## [Records excerpted from a collection]
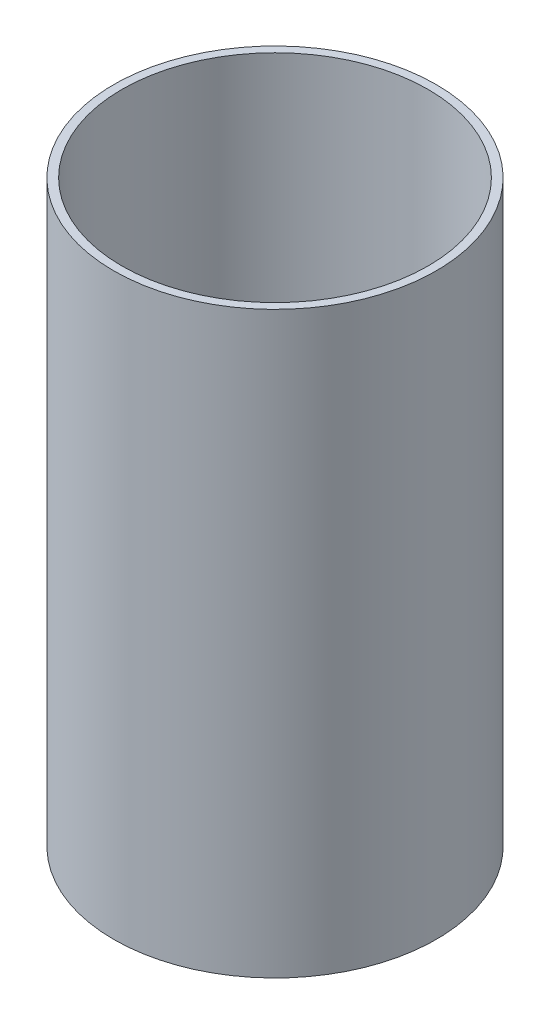
ISO-10303-21;
HEADER;
FILE_DESCRIPTION(('STEP AP214'),'2;1');
FILE_NAME('part.step','',(''),(''),'','','');
FILE_SCHEMA(('AUTOMOTIVE_DESIGN { 1 0 10303 214 1 1 1 1 }'));
ENDSEC;
DATA;
#1=APPLICATION_CONTEXT('core data for automotive mechanical design processes');
#2=APPLICATION_PROTOCOL_DEFINITION('international standard','automotive_design',2000,#1);
#3=PRODUCT_CONTEXT('',#1,'mechanical');
#4=PRODUCT('Part','Part','',(#3));
#5=PRODUCT_RELATED_PRODUCT_CATEGORY('part','',(#4));
#6=PRODUCT_DEFINITION_FORMATION('','',#4);
#7=PRODUCT_DEFINITION_CONTEXT('part definition',#1,'design');
#8=PRODUCT_DEFINITION('design','',#6,#7);
#9=PRODUCT_DEFINITION_SHAPE('','',#8);
#10=(LENGTH_UNIT() NAMED_UNIT(*) SI_UNIT(.MILLI.,.METRE.));
#11=(NAMED_UNIT(*) PLANE_ANGLE_UNIT() SI_UNIT($,.RADIAN.));
#12=(NAMED_UNIT(*) SI_UNIT($,.STERADIAN.) SOLID_ANGLE_UNIT());
#13=UNCERTAINTY_MEASURE_WITH_UNIT(LENGTH_MEASURE(1.E-05),#10,'distance_accuracy_value','');
#14=(GEOMETRIC_REPRESENTATION_CONTEXT(3) GLOBAL_UNCERTAINTY_ASSIGNED_CONTEXT((#13)) GLOBAL_UNIT_ASSIGNED_CONTEXT((#10,
#11,#12)) REPRESENTATION_CONTEXT('',''));
#15=CARTESIAN_POINT('',(0.,0.,0.));
#16=DIRECTION('',(0.,0.,1.));
#17=DIRECTION('',(1.,0.,0.));
#18=AXIS2_PLACEMENT_3D('',#15,#16,#17);
#19=CARTESIAN_POINT('',(0.,177.8,0.));
#20=DIRECTION('',(0.,1.,0.));
#21=DIRECTION('',(0.,0.,1.));
#22=AXIS2_PLACEMENT_3D('',#19,#20,#21);
#23=PLANE('',#22);
#24=CARTESIAN_POINT('',(0.,177.8,0.));
#25=DIRECTION('',(0.,1.,0.));
#26=DIRECTION('',(0.,0.,1.));
#27=AXIS2_PLACEMENT_3D('',#24,#25,#26);
#28=CIRCLE('',#27,49.53);
#29=CARTESIAN_POINT('',(0.,177.8,49.53));
#30=VERTEX_POINT('',#29);
#31=EDGE_CURVE('E10',#30,#30,#28,.T.);
#32=ORIENTED_EDGE('',*,*,#31,.T.);
#33=EDGE_LOOP('',(#32));
#34=FACE_BOUND('',#33,.T.);
#35=CARTESIAN_POINT('',(0.,177.8,0.));
#36=DIRECTION('',(0.,1.,0.));
#37=DIRECTION('',(0.,0.,1.));
#38=AXIS2_PLACEMENT_3D('',#35,#36,#37);
#39=CIRCLE('',#38,46.99);
#40=CARTESIAN_POINT('',(0.,177.8,46.99));
#41=VERTEX_POINT('',#40);
#42=EDGE_CURVE('E45',#41,#41,#39,.T.);
#43=ORIENTED_EDGE('',*,*,#42,.F.);
#44=EDGE_LOOP('',(#43));
#45=FACE_BOUND('',#44,.T.);
#46=ADVANCED_FACE('F34',(#34,#45),#23,.T.);
#47=CARTESIAN_POINT('',(0.,0.,0.));
#48=DIRECTION('',(0.,1.,0.));
#49=DIRECTION('',(0.,0.,1.));
#50=AXIS2_PLACEMENT_3D('',#47,#48,#49);
#51=PLANE('',#50);
#52=CARTESIAN_POINT('',(0.,0.,0.));
#53=DIRECTION('',(0.,1.,0.));
#54=DIRECTION('',(0.,0.,1.));
#55=AXIS2_PLACEMENT_3D('',#52,#53,#54);
#56=CIRCLE('',#55,49.53);
#57=CARTESIAN_POINT('',(0.,0.,49.53));
#58=VERTEX_POINT('',#57);
#59=EDGE_CURVE('E38',#58,#58,#56,.T.);
#60=ORIENTED_EDGE('',*,*,#59,.F.);
#61=EDGE_LOOP('',(#60));
#62=FACE_BOUND('',#61,.T.);
#63=CARTESIAN_POINT('',(0.,0.,0.));
#64=DIRECTION('',(0.,1.,0.));
#65=DIRECTION('',(0.,0.,1.));
#66=AXIS2_PLACEMENT_3D('',#63,#64,#65);
#67=CIRCLE('',#66,46.99);
#68=CARTESIAN_POINT('',(0.,0.,46.99));
#69=VERTEX_POINT('',#68);
#70=EDGE_CURVE('E47',#69,#69,#67,.T.);
#71=ORIENTED_EDGE('',*,*,#70,.T.);
#72=EDGE_LOOP('',(#71));
#73=FACE_BOUND('',#72,.T.);
#74=ADVANCED_FACE('F57',(#62,#73),#51,.F.);
#75=CARTESIAN_POINT('',(0.,177.8,0.));
#76=DIRECTION('',(0.,-1.,0.));
#77=DIRECTION('',(0.,0.,-1.));
#78=AXIS2_PLACEMENT_3D('',#75,#76,#77);
#79=CYLINDRICAL_SURFACE('',#78,49.53);
#80=ORIENTED_EDGE('',*,*,#31,.F.);
#81=EDGE_LOOP('',(#80));
#82=FACE_BOUND('',#81,.T.);
#83=ORIENTED_EDGE('',*,*,#59,.T.);
#84=EDGE_LOOP('',(#83));
#85=FACE_BOUND('',#84,.T.);
#86=ADVANCED_FACE('F36',(#82,#85),#79,.T.);
#87=CARTESIAN_POINT('',(0.,177.8,0.));
#88=DIRECTION('',(0.,-1.,0.));
#89=DIRECTION('',(0.,0.,-1.));
#90=AXIS2_PLACEMENT_3D('',#87,#88,#89);
#91=CYLINDRICAL_SURFACE('',#90,46.99);
#92=ORIENTED_EDGE('',*,*,#42,.T.);
#93=EDGE_LOOP('',(#92));
#94=FACE_BOUND('',#93,.T.);
#95=ORIENTED_EDGE('',*,*,#70,.F.);
#96=EDGE_LOOP('',(#95));
#97=FACE_BOUND('',#96,.T.);
#98=ADVANCED_FACE('F53',(#94,#97),#91,.F.);
#99=CLOSED_SHELL('',(#46,#74,#86,#98));
#100=MANIFOLD_SOLID_BREP('B2',#99);
#101=ADVANCED_BREP_SHAPE_REPRESENTATION('',(#18,#100),#14);
#102=SHAPE_DEFINITION_REPRESENTATION(#9,#101);
ENDSEC;
END-ISO-10303-21;

## [TASK DETAILS]
Count the lines of the data that contain the string "CIRCLE", and reply with that number alone.

## [REPLY]
4